I am trying to perform a linear regression with 10 independent and 3 dependent variables. For every sample, the sum of independent variables equals one and so does the sum of the dependent variables. Data is divided into 5 groups. I am trying to build a no-pooling model with independent inference for each group. While I can build individual models for each group, I thought of following the method of group_indexes in the likelihood function so that I can further build hyper-priors and test a hierarchical model. The coefficients of linear regressions are also bounded to [0, 1] so a Dirichlet prior was the option.

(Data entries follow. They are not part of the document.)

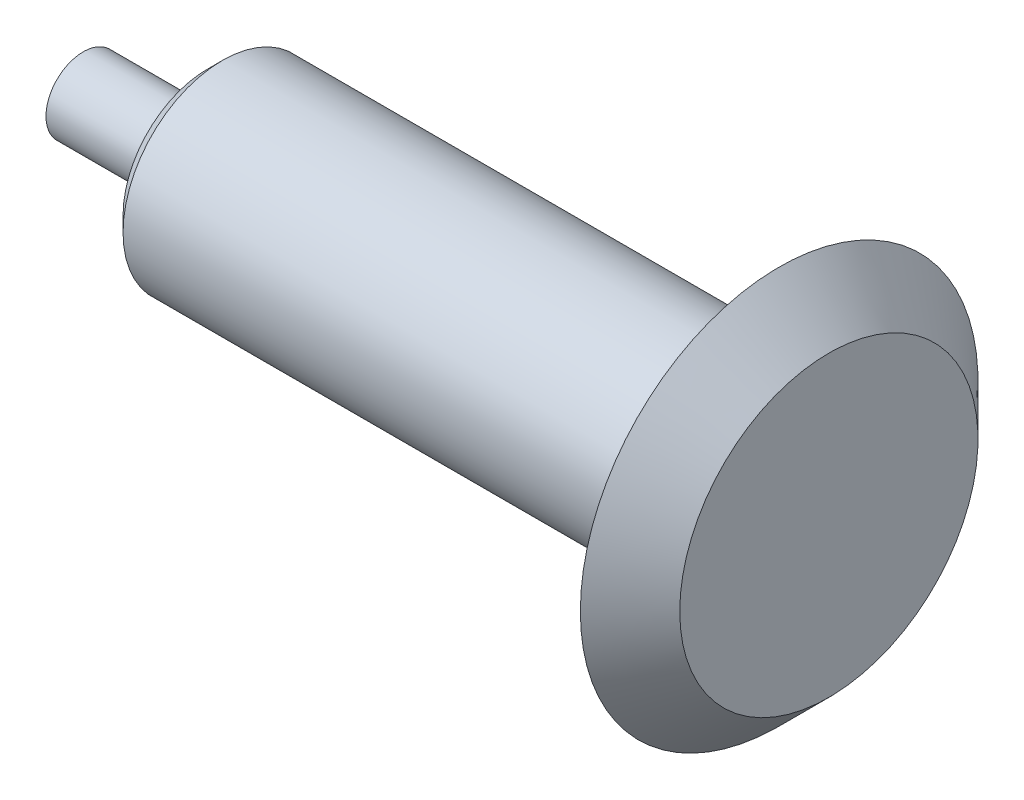
SolidWorks part; units mm, degrees
ref_plane "前基準面" through (0, 0, 0) normal (0, 0, 1) x (1, 0, 0)
ref_plane "上基準面" through (0, 0, 0) normal (0, 1, 0) x (1, 0, 0)
ref_plane "右基準面" through (0, 0, 0) normal (1, 0, 0) x (0, 0, -1)
ref_plane "平面1"
sketch "草圖1" plane through (0, 0, 0) normal (0, 0, 1) x (1, 0, 0)
  line L0 (0, 0) -> (25, 0)
  line L1 (25, 0) -> (25, 7.5)
  line L2 (25, 7.5) -> (0, 7.5)
  line L3 (0, 7.5) -> (0, 0)
  line L4 (25, 0) -> (140, 0) construction
  line L5 (140, 0) -> (150, 0)
  line L6 (150, 0) -> (150, 40)
  line L7 (150, 40) -> (140, 40)
  line L8 (140, 40) -> (140, 0)
  line L9 (140, 20) -> (25, 20)
  line L10 (25, 20) -> (25, 0)
  line L11 (25, 0) -> (140, 0)
  line L12 (140, 0) -> (140, 20)
  dimension "D1" = 25
  dimension "D2" = 7.5
  dimension "D3" = 115
  dimension "D4" = 20
  dimension "D5" = 10
  dimension "D6" = 40
revolve "迴轉1" add sketch "草圖1" angle 360 about L4 region at (12.5, 3.75, 0) region at (82.5, 10, 0) region at (145, 20, 0)
chamfer "倒角1" distance 10 distance2 10 1 edges at (150, 0, 40)
chamfer "倒角2" distance 10 distance2 10 1 edges at (140, 0, 20)
chamfer "倒角3" distance 3 distance2 3 1 edges at (25, 0, 20)

A Dirichlet prior also lets me simultaneously model the 3 dependent variables that add up to one (this is feasible as my independent variables also add up to one) My model looks like this.

from scipy import stats
import numpy as np
import pymc3 as pm

n_features = 10
dependent_count = 3
group_count  = 5

x = stats.dirichlet(a=np.ones(n_features)).rvs(1000)
y = stats.dirichlet(a=np.ones(dependent_count)).rvs(1000)

idx = np.random.randint(group_count, size=1000) # sample group numbers

with pm.Model() as md:
    # prior
    α = pm.Dirichlet('α', a=[1]*dependent_count,
                     shape=(5, 10, 3))
# taking a dot product of α for each group with the data
    t = []
    for i in range(x.shape[0]):
        t.append([i], α[idx[i]]))

    t_ = tt.stacklists(t)

    ϵ = pm.HalfCauchy('ϵ', 2, shape=(5,3))
    y_pred = pm.Normal('y_pred', mu=t_ ,sd=ϵ[idx], observed=y)
    trace_h = pm.sample(1000, chains=2)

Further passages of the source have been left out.